Domagoj Kuic, Pasko Zupanovic, Davor Juretic
MaxEnt inference algorithm and information theory are relevant for the time
evolution of macroscopic systems considered as problem of incomplete
information. Two different MaxEnt approaches are introduced in this work, both
applied to prediction of time evolution for closed Hamiltonian systems. The
first one is based on Liouville equation for the conditional probability
distribution, introduced as a strict microscopic constraint on time evolution
in phase space. The conditional probability distribution is defined for the set
of microstates associated with the set of phase space paths determined by
solutions of Hamilton's equations.

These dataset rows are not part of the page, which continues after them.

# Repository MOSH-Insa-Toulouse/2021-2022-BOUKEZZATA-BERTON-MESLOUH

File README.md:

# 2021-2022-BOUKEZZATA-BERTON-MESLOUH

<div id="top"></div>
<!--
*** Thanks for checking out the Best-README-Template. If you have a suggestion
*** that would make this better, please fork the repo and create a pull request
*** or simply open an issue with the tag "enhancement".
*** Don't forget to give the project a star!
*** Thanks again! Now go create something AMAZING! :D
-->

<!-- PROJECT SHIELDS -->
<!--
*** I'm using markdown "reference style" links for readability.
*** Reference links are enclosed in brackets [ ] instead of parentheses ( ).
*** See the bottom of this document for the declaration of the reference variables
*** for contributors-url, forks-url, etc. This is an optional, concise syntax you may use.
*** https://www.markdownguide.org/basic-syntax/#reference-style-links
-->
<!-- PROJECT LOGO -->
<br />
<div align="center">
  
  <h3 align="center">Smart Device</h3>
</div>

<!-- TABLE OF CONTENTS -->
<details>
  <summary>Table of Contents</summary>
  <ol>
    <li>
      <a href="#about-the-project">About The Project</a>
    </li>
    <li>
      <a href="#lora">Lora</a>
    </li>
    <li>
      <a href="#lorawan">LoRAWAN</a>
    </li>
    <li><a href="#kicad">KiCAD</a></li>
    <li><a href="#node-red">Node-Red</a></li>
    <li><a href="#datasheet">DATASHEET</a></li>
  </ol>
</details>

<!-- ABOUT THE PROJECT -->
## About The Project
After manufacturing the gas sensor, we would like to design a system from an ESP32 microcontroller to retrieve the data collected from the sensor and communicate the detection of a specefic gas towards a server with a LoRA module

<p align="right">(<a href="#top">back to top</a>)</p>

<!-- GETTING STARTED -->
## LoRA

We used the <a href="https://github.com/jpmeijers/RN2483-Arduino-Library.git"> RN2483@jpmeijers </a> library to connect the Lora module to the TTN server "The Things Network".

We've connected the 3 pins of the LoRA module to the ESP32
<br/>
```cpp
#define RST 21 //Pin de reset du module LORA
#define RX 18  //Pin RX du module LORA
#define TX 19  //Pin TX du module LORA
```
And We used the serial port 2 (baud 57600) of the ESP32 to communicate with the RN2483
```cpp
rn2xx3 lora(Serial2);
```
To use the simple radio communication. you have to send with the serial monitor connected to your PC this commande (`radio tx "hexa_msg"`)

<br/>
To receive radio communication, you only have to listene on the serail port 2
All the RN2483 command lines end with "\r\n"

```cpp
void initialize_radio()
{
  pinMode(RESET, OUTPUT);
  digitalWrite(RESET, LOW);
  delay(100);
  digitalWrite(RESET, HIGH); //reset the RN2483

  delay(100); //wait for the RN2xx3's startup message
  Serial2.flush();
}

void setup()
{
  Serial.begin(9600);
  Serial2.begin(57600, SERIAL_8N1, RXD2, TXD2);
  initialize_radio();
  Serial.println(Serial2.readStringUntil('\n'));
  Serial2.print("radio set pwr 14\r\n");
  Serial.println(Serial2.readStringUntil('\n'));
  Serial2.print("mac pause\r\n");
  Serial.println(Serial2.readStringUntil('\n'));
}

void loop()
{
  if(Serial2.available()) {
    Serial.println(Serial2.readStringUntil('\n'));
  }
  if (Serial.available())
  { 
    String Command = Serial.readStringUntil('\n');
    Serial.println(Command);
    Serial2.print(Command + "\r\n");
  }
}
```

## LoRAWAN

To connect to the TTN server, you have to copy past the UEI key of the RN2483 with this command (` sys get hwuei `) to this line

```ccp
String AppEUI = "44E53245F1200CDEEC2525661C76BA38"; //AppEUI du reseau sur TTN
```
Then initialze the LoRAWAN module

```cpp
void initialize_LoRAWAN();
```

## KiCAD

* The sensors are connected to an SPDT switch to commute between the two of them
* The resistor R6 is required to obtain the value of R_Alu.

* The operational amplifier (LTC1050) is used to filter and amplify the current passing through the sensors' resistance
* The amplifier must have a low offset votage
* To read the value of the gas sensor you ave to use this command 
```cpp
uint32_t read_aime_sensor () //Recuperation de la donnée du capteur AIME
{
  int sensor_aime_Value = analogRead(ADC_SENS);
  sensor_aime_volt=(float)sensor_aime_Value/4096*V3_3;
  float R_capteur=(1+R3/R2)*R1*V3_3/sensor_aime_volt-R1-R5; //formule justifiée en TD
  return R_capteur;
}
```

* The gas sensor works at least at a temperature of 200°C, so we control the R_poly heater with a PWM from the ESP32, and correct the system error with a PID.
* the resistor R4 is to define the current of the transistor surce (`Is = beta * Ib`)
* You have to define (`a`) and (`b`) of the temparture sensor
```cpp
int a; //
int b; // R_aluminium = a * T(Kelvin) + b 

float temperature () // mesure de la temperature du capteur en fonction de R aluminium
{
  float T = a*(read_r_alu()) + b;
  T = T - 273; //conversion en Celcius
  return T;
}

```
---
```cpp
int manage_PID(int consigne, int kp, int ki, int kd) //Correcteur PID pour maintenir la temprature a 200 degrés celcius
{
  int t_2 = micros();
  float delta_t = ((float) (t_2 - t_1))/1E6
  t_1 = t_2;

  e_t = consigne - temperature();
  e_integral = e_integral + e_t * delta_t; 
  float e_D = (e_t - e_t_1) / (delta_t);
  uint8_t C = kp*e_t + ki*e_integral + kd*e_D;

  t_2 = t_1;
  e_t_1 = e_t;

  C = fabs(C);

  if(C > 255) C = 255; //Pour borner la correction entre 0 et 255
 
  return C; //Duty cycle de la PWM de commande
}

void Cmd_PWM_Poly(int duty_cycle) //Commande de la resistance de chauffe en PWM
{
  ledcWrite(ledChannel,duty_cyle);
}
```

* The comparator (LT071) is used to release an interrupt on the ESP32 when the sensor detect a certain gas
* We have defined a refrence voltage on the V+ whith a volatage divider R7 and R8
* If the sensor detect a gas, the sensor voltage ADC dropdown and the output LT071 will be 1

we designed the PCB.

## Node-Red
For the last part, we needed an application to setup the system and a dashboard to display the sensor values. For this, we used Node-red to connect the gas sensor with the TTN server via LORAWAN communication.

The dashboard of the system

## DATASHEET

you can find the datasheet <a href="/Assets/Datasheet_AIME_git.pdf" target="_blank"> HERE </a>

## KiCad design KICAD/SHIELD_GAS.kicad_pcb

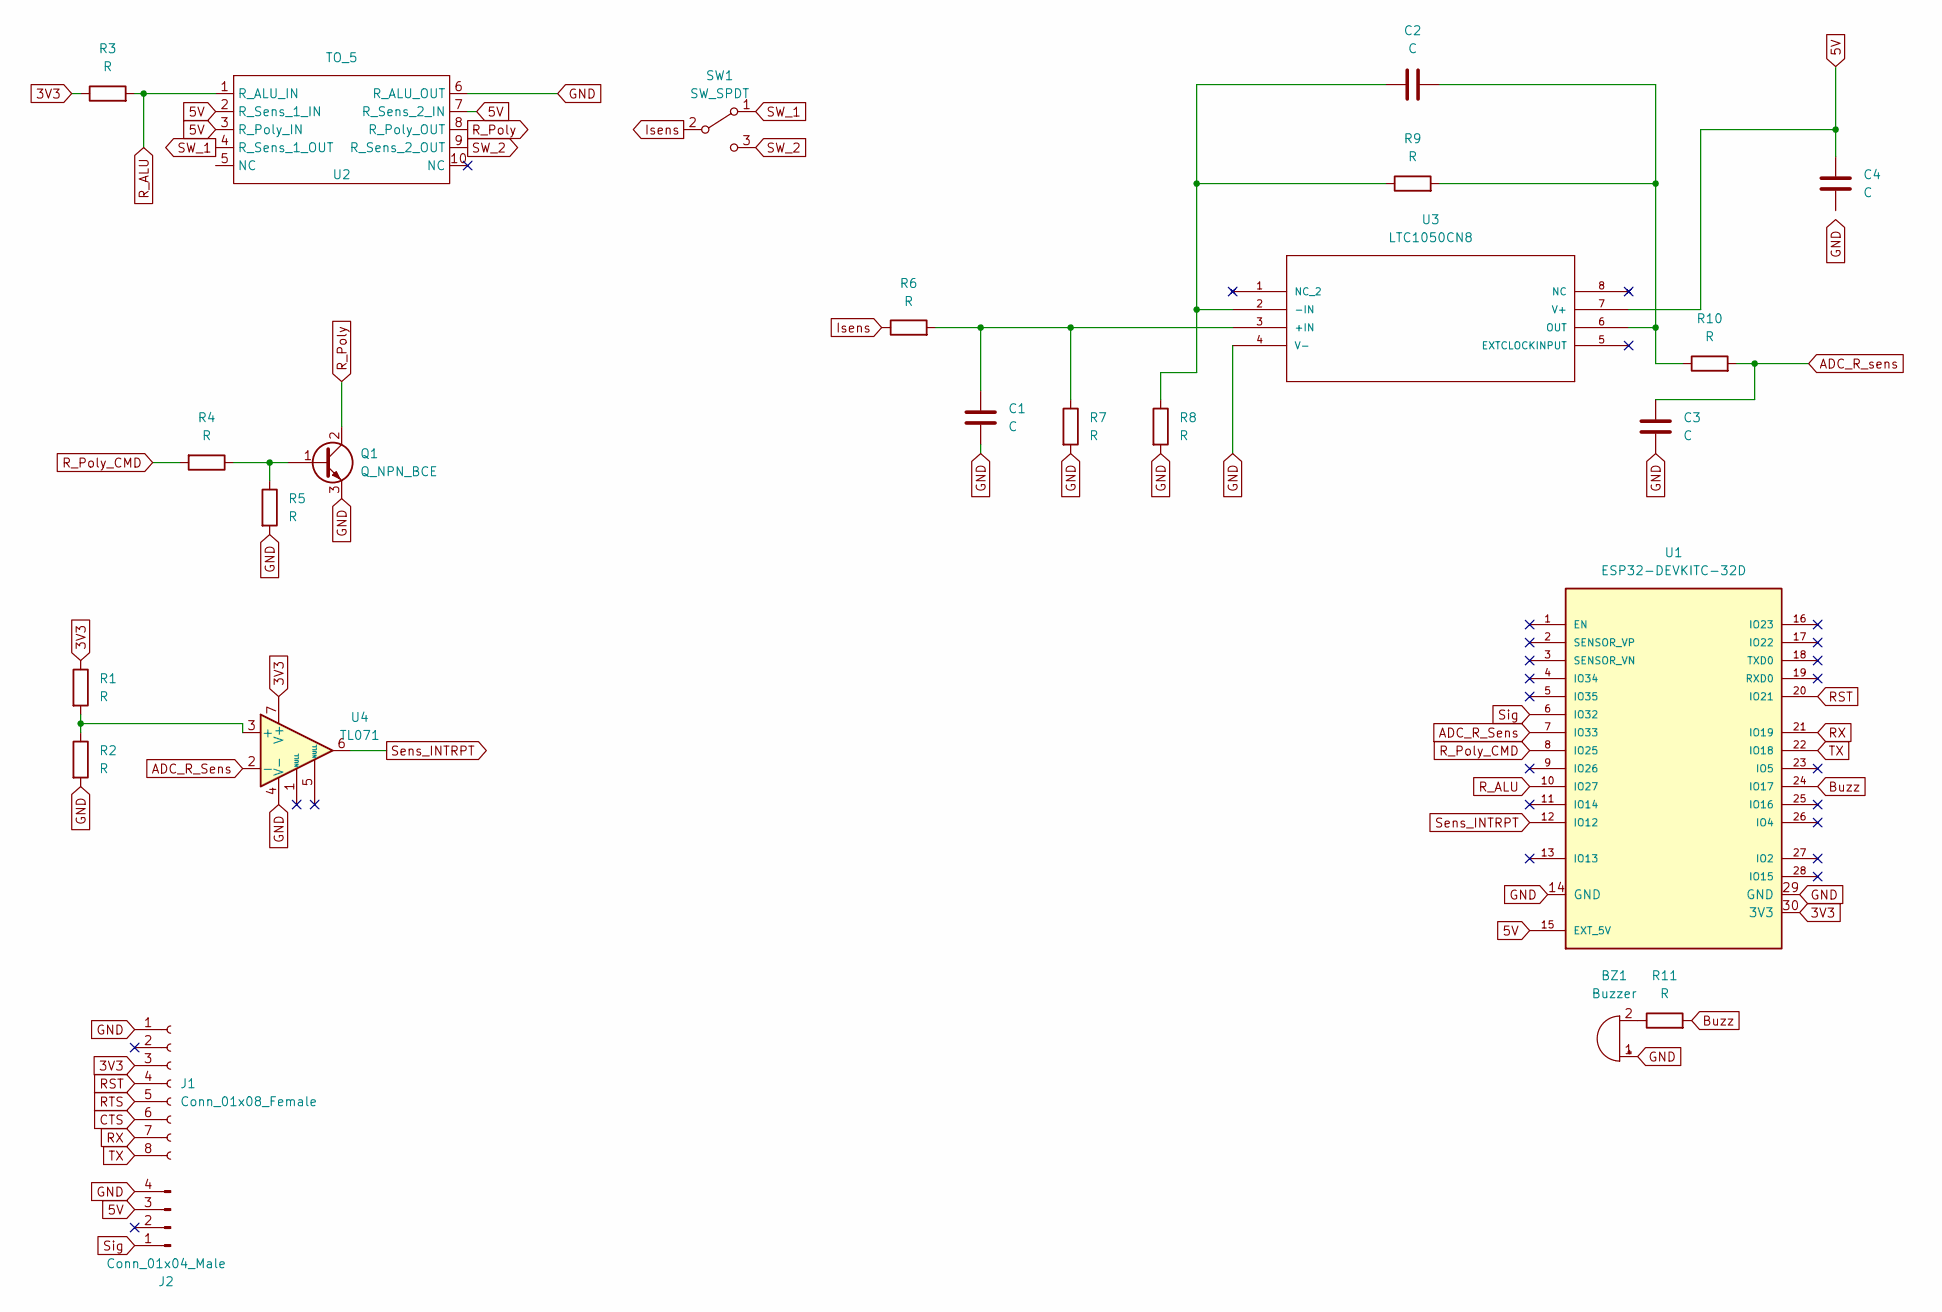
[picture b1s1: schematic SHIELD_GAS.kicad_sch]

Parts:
BZ1: Buzzer; Buzzer_12x9.5RM7.6
C1, C2, C3, C4: C; C_Axial_L3.8mm_D2.6mm_P7.50mm_Horizontal
J1: Conn_01x08_Female; PinSocket_1x08_P2.54mm_Vertical
J2: Conn_01x04_Male; JST_PH_B4B-PH-K_1x04_P2.00mm_Vertical
Q1: Q_NPN_BCE; TO-92
R1, R2, R3, R4, R5, R6, R7, R8, R9, R10, R11: R; R_Axial_DIN0411_L9.9mm_D3.6mm_P12.70mm_Horizontal
SW1: SW_SPDT; SW_CuK_OS102011MA1QN1_SPDT_Angled
U1: ESP32-DEVKITC-32D; MODULE_ESP32-DEVKITC-32D; PARTREV 4
U2: TO_5; TO-5
U3: LTC1050CN8; DIP-8_W7.62mm_LongPads; MANUFACTURER_PART_NUMBER ltc1050cn8
U4: TL071; DIP-8_W7.62mm_LongPads

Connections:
3V3: J1.3, R1.1, R3.1, U1.30 (3V3), U4.7 (V+)
5V: C4.1, J2.3, U1.15 (EXT_5V), U2.2 (R_Sens_1_IN), U2.3 (R_Poly_IN), U2.7 (R_Sens_2_IN), U3.7 (V+)
ADC_R_Sens: U1.7 (IO33), U4.2 (-)
ADC_R_sens: C3.1, R10.2
Buzz: R11.2, U1.24 (IO17)
CTS: J1.6
GND: BZ1.1 (-), C1.2, C3.2, C4.2, J1.1, J2.4, Q1.3 (E), R2.2, R5.2, R7.2, R8.2, U1.14 (GND), U1.29 (GND), U2.6 (R_ALU_OUT), U3.4 (V-), U4.4 (V-)
Isens: R6.1, SW1.2 (B)
unnamed: BZ1.2 (+), R11.1
unnamed: C1.1, R6.2, R7.1, U3.3 (+IN)
unnamed: C2.1, R8.1, R9.1, U3.2 (-IN)
unnamed: C2.2, R9.2, R10.1, U3.6 (OUT)
unnamed: Q1.1 (B), R4.1, R5.1
unnamed: R1.2, R2.1, U4.3 (+)
RST: J1.4, U1.20 (IO21)
RTS: J1.5
RX: J1.7, U1.21 (IO19)
R_ALU: R3.2, U1.10 (IO27), U2.1 (R_ALU_IN)
R_Poly: Q1.2 (C), U2.8 (R_Poly_OUT)
R_Poly_CMD: R4.2, U1.8 (IO25)
SW_1: SW1.1 (A), U2.4 (R_Sens_1_OUT)
SW_2: SW1.3 (C), U2.9 (R_Sens_2_OUT)
Sens_INTRPT: U1.12 (IO12), U4.6
Sig: J2.1, U1.6 (IO32)
TX: J1.8, U1.22 (IO18)

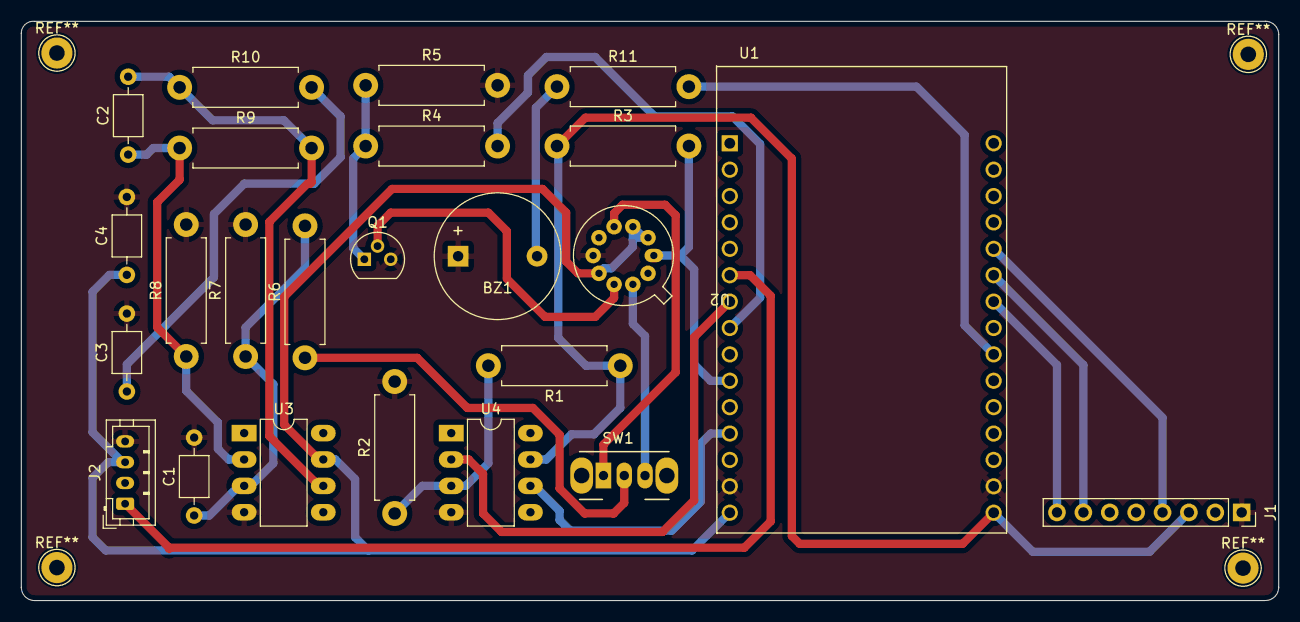
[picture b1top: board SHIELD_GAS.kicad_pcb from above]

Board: 2 copper layers, 121.0 x 55.8 mm, 24 parts (0 on the bottom side), 23 nets.

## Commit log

2021-12-06 MOSH PROJECT CPP
2021-12-06 Create MOSH PROJECT CPP CODE
2021-12-06 Create hello
2021-12-29 Kicad
2022-01-01 pics

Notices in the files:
parts and their libraries:
COPYRIGHT: Copyright C 2016 Accelerated Designs. All rights reserved
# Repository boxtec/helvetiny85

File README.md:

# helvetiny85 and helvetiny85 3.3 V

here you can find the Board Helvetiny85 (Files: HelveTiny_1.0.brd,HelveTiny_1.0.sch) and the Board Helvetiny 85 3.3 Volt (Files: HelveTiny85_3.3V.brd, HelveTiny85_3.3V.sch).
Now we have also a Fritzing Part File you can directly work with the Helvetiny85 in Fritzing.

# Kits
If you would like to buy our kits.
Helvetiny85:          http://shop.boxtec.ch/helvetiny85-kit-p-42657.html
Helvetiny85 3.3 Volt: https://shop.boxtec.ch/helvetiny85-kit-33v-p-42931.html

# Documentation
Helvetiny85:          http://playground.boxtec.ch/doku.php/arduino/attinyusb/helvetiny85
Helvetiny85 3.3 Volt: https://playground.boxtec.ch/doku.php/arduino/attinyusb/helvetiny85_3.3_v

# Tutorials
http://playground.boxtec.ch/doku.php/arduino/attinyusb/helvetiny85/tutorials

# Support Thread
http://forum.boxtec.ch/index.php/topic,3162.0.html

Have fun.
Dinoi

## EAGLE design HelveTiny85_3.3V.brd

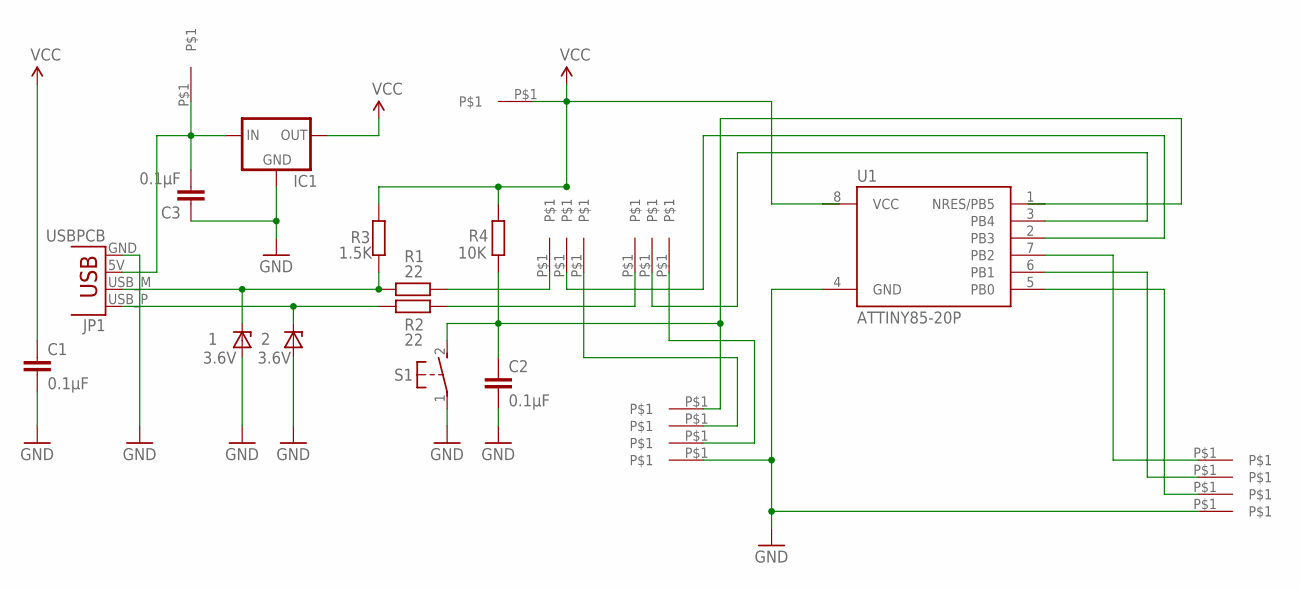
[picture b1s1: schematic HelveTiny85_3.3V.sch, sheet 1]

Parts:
1, 2: 3.6V; ZDIO-7.5
C1, C2, C3: 0.1μF; C025-024X044
IC1: MCP1700TRI; TO92
JP1: USBPCB; USB-A-PCB
R1, R2: 22; 0207/7
R3: 1.5K; 0207/7
R4: 10K; 0207/7
S1: S3; DTS-3
TP1, TP2, TP3, TP4, TP5, TP6, TP7, TP8, TP29, TP30, TP31, TP32, TP33, TP34, TP35, TP36: FLOWERPIN
U1: ATTINY85-20P; PDIP08_300MIL

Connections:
GND: 1.A, 2.A, C1.2, C2.2, C3.1, IC1.1 (GND), JP1.GND, S1.1, TP7.P$1, TP32.P$1, U1.4 (GND)
unnamed: R1.2, TP2.P$1
unnamed: TP1.P$1, TP3.P$1
unnamed: TP6.P$1, TP31.P$1
unnamed: R2.2, TP4.P$1
PB0: TP35.P$1, U1.5 (PB0)
PB1: TP34.P$1, U1.6 (PB1)
PB2: TP33.P$1, U1.7 (PB2)
RESET: C2.1, R4.1, S1.2, TP29.P$1, U1.1 (NRES/PB5)
USB-IN-M: 1.C, JP1.USB_M (D-), R1.1, R3.1
USB-IN-P: 2.C, JP1.USB_P (D+), R2.1
USB-M: TP30.P$1, U1.2 (PB3)
USB-P: TP5.P$1, U1.3 (PB4)
VCC: C1.1, IC1.3 (OUT), R3.2, R4.2, TP36.P$1, U1.8 (VCC)
VIN: C3.2, IC1.2 (IN), JP1.5V (VBUS), TP8.P$1

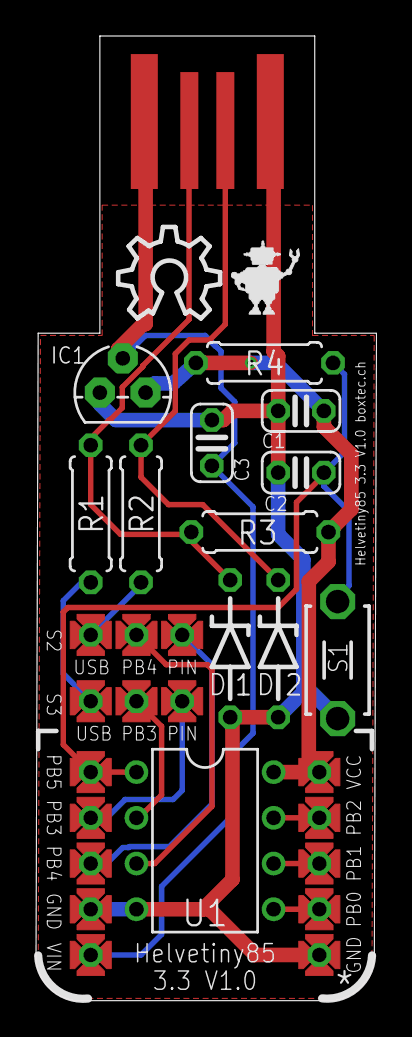
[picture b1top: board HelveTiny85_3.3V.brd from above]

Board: 2 copper layers, 18.9 x 53.6 mm, 30 parts (0 on the bottom side), 15 nets.

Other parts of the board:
U$1: OSHW_10X200_NOTEXT

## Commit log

2016-09-09 Initial git import
2017-10-06 little changes in Fritzing Part
2018-08-15 Helvetiny85 3.3Volt

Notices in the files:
parts and their libraries:
SparkFun-Connectors: Licensing: Creative Commons ShareAlike 4.0 International - https://creativecommons.org/licenses/by-sa/4.0

The MaxEnt inference algorithm with
Shannon's concept of the conditional information entropy is then applied to
prediction, consistently with this strict microscopic constraint on time
evolution in phase space. The second approach is based on the same concepts,
with a difference that Liouville equation for the conditional probability
distribution is introduced as a macroscopic constraint given by a phase space
average. We consider the incomplete nature of our information about microscopic
dynamics in a rational way that is consistent with Jaynes' formulation of
predictive statistical mechanics. Maximization of the conditional information
entropy subject to this macroscopic constraint leads to a loss of correlation
between the initial phase space paths and final microstates. Information
entropy is the theoretic upper bound on the conditional information entropy,
with the upper bound attained only in case of the complete loss of correlation.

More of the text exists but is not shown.